Criterion	Measurement	Pass threshold
Decomposition arithmetic correctness	Synthetic fixtures with known answers; check sum-of-parts = whole within rounding tolerance	100% — hard requirement
Refusal-on-missing-cost-data	Fixtures with backend_cost_per_unit missing for > 5% of events: tool must refuse, not estimate	100% — hard requirement
Tier-migration scenario projection consistency	Same scenario re-run on same input produces same projection (modulo LLM-portion variance on credible_alternative)	Numerical components 100% identical; LLM components within Levenshtein distance threshold
credible_alternative quality	For each propose-tier-migration scenario: brain-prompt eval verifies a credible "case for NOT migrating" is articulated, not a wave-of-the-hand	≥ 90% pass on subjective rubric (manual review batch)
Workload-shaping play classification correctness	10 fixtures with known optimal play class: tool's primary recommendation matches	≥ 80%
Cohort-aggregation correctness	Sum across N customer calls equals single aggregate-mode call within rounding	100%

Failure modes

Symptom	Likely cause	Action
Tool projects GP uplift on tier-migration that doesn't materialize	Switching cost class underestimated; customer migrated but lost faster than projected; backend-cost benchmark stale	AGT-503 retrospective on accepted plays. Adjust switching_cost_class rubric. Refresh benchmark_unit_cost_usd inputs.
Tool refuses on every call for a customer cohort	backend_cost feeds not piped through for that cohort (e.g., new region, new cloud provider)	RevOps escalates to FinOps / data-engineering; tool's refusal is the correct surfacing.
credible_alternative is generic / wave-of-the-hand	LLM portion not seeing enough context; system prompt insufficient	Tighten system prompt with few-shot examples from approved AGT-503 plays. Eval rubric catches this.
workload_shaping_recommendations don't survive engineering review	Tool overweighting play classes that aren't actually deployable on current infrastructure	Pre-conditions field is the gate; engineering reviews preconditions, marks unsupported play classes as gated. Tool reads gate config on next call.
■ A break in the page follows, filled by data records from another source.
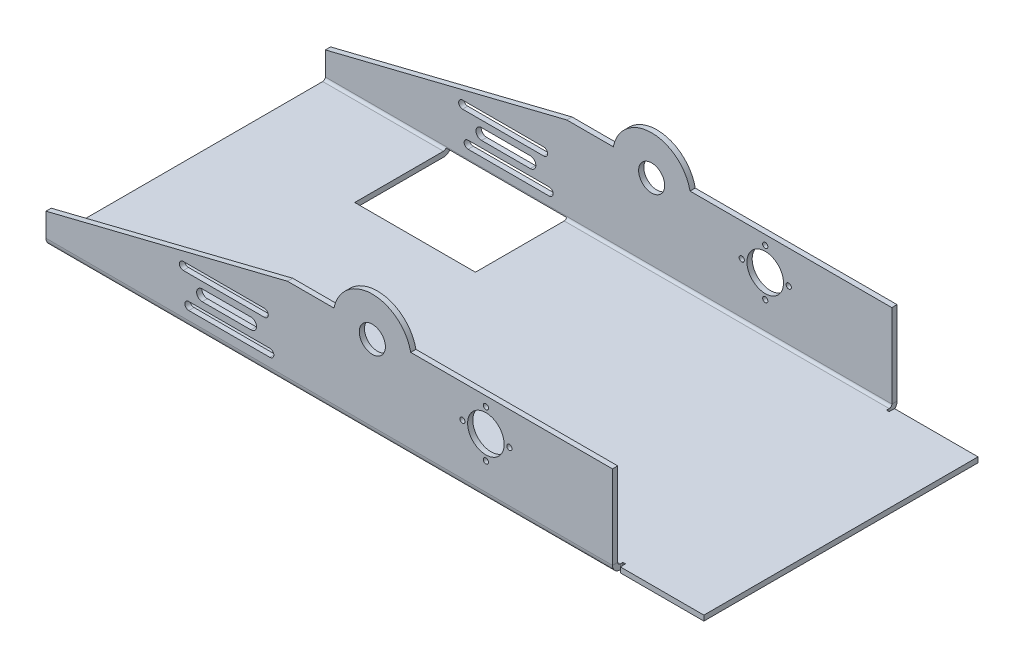
from build123d import *

# Parameters (mm, degrees)
SKETCH3_W                       = 250
SKETCH3_H                       = 105
BASE_FLANGE1_DEPTH              = 2
EDGE_FLANGE1_STRIP_W            = 10
EDGE_FLANGE1_STRIP_H            = 2
EDGE_FLANGE1_STRIP_CUT_DEPTH    = 217
EDGE_FLANGE1_RELIEF_W           = 11
EDGE_FLANGE1_RELIEF_H           = 1
EDGE_FLANGE1_RELIEF_CUT_DEPTH   = 2
EDGE_FLANGE1_STRIP_2_W          = 10
EDGE_FLANGE1_STRIP_2_H          = 2
EDGE_FLANGE1_STRIP_CUT_2_DEPTH  = 217
EDGE_FLANGE1_RELIEF_2_W         = 11
EDGE_FLANGE1_RELIEF_2_H         = 1
EDGE_FLANGE1_RELIEF_CUT_2_DEPTH = 2
EDGE_FLANGE1_DEPTH              = 217
EDGE_FLANGE1_START              = 2
EDGE_FLANGE1_PROFILE_R          = 5
EDGE_FLANGE1_FLAT_DEPTH         = 2
EDGE_FLANGE1_BEND_DEPTH         = 217
EDGE_FLANGE1_PROFILE_2_R        = 5
EDGE_FLANGE1_FLAT_2_DEPTH       = 2
CUT_EXTRUDE2_START              = -78.75
CUT_EXTRUDE2_DEPTH              = 46.25
CUT_EXTRUDE1_DEPTH              = 144.597527834
CUT_EXTRUDE1_DEPTH_BACK         = 144.597527834
SKETCH14_R                      = 1
SKETCH14_R_2                    = 7


# Read off the part's stored shape, not the designer's step: Cut-Extrude2
# Sheet-metal steps are written as plain solids
with BuildPart() as part:
    # Sketch3 → Base-Flange1 (new body)
    with BuildSketch(Plane(origin=(0, 0, 0), x_dir=(1, 0, 0), z_dir=(0, 1, 0))):
        Rectangle(SKETCH3_W, SKETCH3_H)
    extrude(amount=-BASE_FLANGE1_DEPTH)

    # Edge-Flange1 strip (across the edge) → Edge-Flange1 strip cut (cut)
    with BuildSketch(Plane(origin=(-125, 0, 52.5), x_dir=(0, 0, -1), z_dir=(1, 0, 0))):
        with Locations((-4, -1)):
            Rectangle(EDGE_FLANGE1_STRIP_W, EDGE_FLANGE1_STRIP_H)
    extrude(amount=EDGE_FLANGE1_STRIP_CUT_DEPTH, mode=Mode.SUBTRACT)

    # Edge-Flange1 relief (on the sheet) → Edge-Flange1 relief cut (cut)
    with BuildSketch(Plane(origin=(-125, 0, 51.5), x_dir=(0, 0, -1), z_dir=(0, 1, 0))):
        with Locations((-4.5, -217.5)):
            Rectangle(EDGE_FLANGE1_RELIEF_W, EDGE_FLANGE1_RELIEF_H)
    extrude(amount=-EDGE_FLANGE1_RELIEF_CUT_DEPTH, mode=Mode.SUBTRACT)

    # Edge-Flange1 strip 2 (across the edge) → Edge-Flange1 strip cut 2 (cut)
    with BuildSketch(Plane(origin=(92, 0, -52.5), x_dir=(0, 0, 1), z_dir=(-1, 0, 0))):
        with Locations((-4, -1)):
            Rectangle(EDGE_FLANGE1_STRIP_2_W, EDGE_FLANGE1_STRIP_2_H)
    extrude(amount=EDGE_FLANGE1_STRIP_CUT_2_DEPTH, mode=Mode.SUBTRACT)

    # Edge-Flange1 relief 2 (on the sheet) → Edge-Flange1 relief cut 2 (cut)
    with BuildSketch(Plane(origin=(92, 0, -51.5), x_dir=(0, 0, 1), z_dir=(0, 1, 0))):
        with Locations((-4.5, 0.5)):
            Rectangle(EDGE_FLANGE1_RELIEF_2_W, EDGE_FLANGE1_RELIEF_2_H)
    extrude(amount=-EDGE_FLANGE1_RELIEF_CUT_2_DEPTH, mode=Mode.SUBTRACT)

    # Edge-Flange1 bend section (across the edge) → Edge-Flange1 (add)
    with BuildSketch(Plane(origin=(-125, 0, 52.5), x_dir=(0, 0, -1), z_dir=(1, 0, 0))):
        with BuildLine():
            Line((-2, 1), (0, 1))
            ThreePointArc((0, 1), (0.292893219, 0.292893219), (1, 0))
            Line((1, 0), (1, -2))
            ThreePointArc((1, -2), (-1.121320344, -1.121320344), (-2, 1))
        make_face()
    extrude(amount=EDGE_FLANGE1_DEPTH)

    # Edge-Flange1 profile (on flange) → Edge-Flange1 flat (add)
    with BuildSketch(Plane.XY.offset(52.5).offset(EDGE_FLANGE1_START)):
        with BuildLine():
            Line((-125, 9.993471807), (-125, 1))
            Line((-125, 1), (92, 1))
            Line((92, 1), (92, 33))
            Line((92, 33), (14.696938457, 33))
            ThreePointArc((14.696938457, 33), (0, 45), (-14.696938457, 33))
            Line((-14.696938457, 33), (-32.5, 33))
            Line((-32.5, 33), (-125, 9.993471807))
        make_face()
        with Locations((0, 30)):
            Circle(EDGE_FLANGE1_PROFILE_R, mode=Mode.SUBTRACT)
    extrude(amount=-EDGE_FLANGE1_FLAT_DEPTH)

    # Edge-Flange1 bend section 2 (across the edge) → Edge-Flange1 bend (add)
    with BuildSketch(Plane(origin=(92, 0, -52.5), x_dir=(0, 0, 1), z_dir=(-1, 0, 0))):
        with BuildLine():
            Line((-2, 1), (0, 1))
            ThreePointArc((0, 1), (0.292893219, 0.292893219), (1, 0))
            Line((1, 0), (1, -2))
            ThreePointArc((1, -2), (-1.121320344, -1.121320344), (-2, 1))
        make_face()
    extrude(amount=EDGE_FLANGE1_BEND_DEPTH)

    # Edge-Flange1 profile 2 (on flange) → Edge-Flange1 flat 2 (add)
    with BuildSketch(Plane(origin=(0, 0, -52.5), x_dir=(-1, 0, 0), z_dir=(0, 0, -1)).offset(EDGE_FLANGE1_START)):
        with BuildLine():
            Line((-92, 33), (-92, 1))
            Line((-92, 1), (125, 1))
            Line((125, 1), (125, 9.993471807))
            Line((125, 9.993471807), (32.5, 33))
            Line((32.5, 33), (14.696938457, 33))
            ThreePointArc((14.696938457, 33), (0, 45), (-14.696938457, 33))
            Line((-14.696938457, 33), (-92, 33))
        make_face()
        with Locations((0, 30)):
            Circle(EDGE_FLANGE1_PROFILE_2_R, mode=Mode.SUBTRACT)
    extrude(amount=-EDGE_FLANGE1_FLAT_2_DEPTH)

    # Cut-Extrude2 outline → Cut-Extrude2 (cut)
    with BuildSketch(Plane.YZ.offset(CUT_EXTRUDE2_START)):
        with BuildLine():
            Line((0, -54.328427125), (0.666666667, -52.442809042))
            ThreePointArc((0.666666667, -52.442809042), (0.183503419, -52.077350269), (0, -51.5))
            Line((0, -51.5), (0, -17.5))
            Line((0, -17.5), (-2, -17.5))
            Line((-2, -17.5), (-2, -51.5))
            ThreePointArc((-2, -51.5), (-1.449489743, -53.232050808), (0, -54.328427125))
        make_face()
    extrude(amount=CUT_EXTRUDE2_DEPTH, mode=Mode.SUBTRACT)

    # Sketch14 → Cut-Extrude1 (cut, two sides: drawn at the far end of the back side and taken through both)
    with BuildSketch(Plane.XY.offset(-CUT_EXTRUDE1_DEPTH_BACK)):
        with BuildLine():
            Line((-46.5, 14.125), (-65.166666667, 14.125))
            ThreePointArc((-65.166666667, 14.125), (-67.291666667, 12), (-65.166666667, 9.875))
            Line((-65.166666667, 9.875), (-46.5, 9.875))
            ThreePointArc((-46.5, 9.875), (-44.375, 12), (-46.5, 14.125))
        make_face()
        with BuildLine():
            Line((-57.900010285, 4.380710415), (-51.653085966, 4.380710415))
            ThreePointArc((-51.653085966, 4.380710415), (-50.153085966, 5.880710415), (-51.653085966, 7.380710415))
            Line((-51.653085966, 7.380710415), (-57.900010285, 7.380710415))
            ThreePointArc((-57.900010285, 7.380710415), (-59.400010285, 5.880710415), (-57.900010285, 4.380710415))
        make_face()
        with BuildLine():
            Line((-51.653085966, 4.380710415), (-39.233343618, 4.380710415))
            ThreePointArc((-39.233343618, 4.380710415), (-37.733343618, 5.880710415), (-39.233343618, 7.380710415))
            Line((-39.233343618, 7.380710415), (-51.653085966, 7.380710415))
            ThreePointArc((-51.653085966, 7.380710415), (-50.153085966, 5.880710415), (-51.653085966, 4.380710415))
        make_face()
        with BuildLine():
            Line((-70.319752633, 4.380710415), (-57.900010285, 4.380710415))
            ThreePointArc((-57.900010285, 4.380710415), (-59.400010285, 5.880710415), (-57.900010285, 7.380710415))
            Line((-57.900010285, 7.380710415), (-70.319752633, 7.380710415))
            ThreePointArc((-70.319752633, 7.380710415), (-71.819752633, 5.880710415), (-70.319752633, 4.380710415))
        make_face()
        with BuildLine():
            Line((-72.433323049, 16.619289585), (-60.0135807, 16.619289585))
            ThreePointArc((-60.0135807, 16.619289585), (-61.5135807, 18.119289585), (-60.0135807, 19.619289585))
            Line((-60.0135807, 19.619289585), (-72.433323049, 19.619289585))
            ThreePointArc((-72.433323049, 19.619289585), (-73.933323049, 18.119289585), (-72.433323049, 16.619289585))
        make_face()
        with BuildLine():
            Line((-60.0135807, 16.619289585), (-53.766656382, 16.619289585))
            ThreePointArc((-53.766656382, 16.619289585), (-52.266656382, 18.119289585), (-53.766656382, 19.619289585))
            Line((-53.766656382, 19.619289585), (-60.0135807, 19.619289585))
            ThreePointArc((-60.0135807, 19.619289585), (-61.5135807, 18.119289585), (-60.0135807, 16.619289585))
        make_face()
        with BuildLine():
            ThreePointArc((-53.766656382, 19.619289585), (-52.266656382, 18.119289585), (-53.766656382, 16.619289585))
            Line((-53.766656382, 16.619289585), (-41.346914034, 16.619289585))
            ThreePointArc((-41.346914034, 16.619289585), (-39.846914034, 18.119289585), (-41.346914034, 19.619289585))
            Line((-41.346914034, 19.619289585), (-53.766656382, 19.619289585))
        make_face()
        with Locations((43.5, 11.4)):
            Circle(SKETCH14_R)
        with Locations((52.5, 20.4)):
            Circle(SKETCH14_R)
        with Locations((43.5, 20.4)):
            Circle(SKETCH14_R_2)
        with Locations((34.5, 20.4)):
            Circle(SKETCH14_R)
        with Locations((43.5, 29.4)):
            Circle(SKETCH14_R)
    extrude(amount=CUT_EXTRUDE1_DEPTH + CUT_EXTRUDE1_DEPTH_BACK, mode=Mode.SUBTRACT)


solid = part.part

TOOL-015 Consumption-Margin Decomposer · Tier 3 specialist · Wave 4 · Schema v38 · RevOps + FP&A owned
Status: Specced v38, build deferred (synth corpus extension + AGT-503 tier-migration spec land must complete first).
Called by: AGT-503 Expansion Trigger (primary, daily batch) · AGT-901 Pipeline Brain · AGT-902 Account Brain · AGT-903 Strategy Brain (cohort fan-out) · RevOps direct.
Reads input from caller (no direct table reads). Caller assembles consumption_events from UsageMeteringLog + backend cost feeds.
Closes the consumption-business GP-attribution gap that AGT-503 tier-migration plays and AGT-903 strategic-margin retrospectives need. Deterministic core + Haiku LLM characterization.
Companion: TOOL-004 Consumption Forecasting (forecasts volume; TOOL-015 attributes margin) · TOOL-014 Segment-LTV Decomposer (LTV decomposition; TOOL-015 GP decomposition).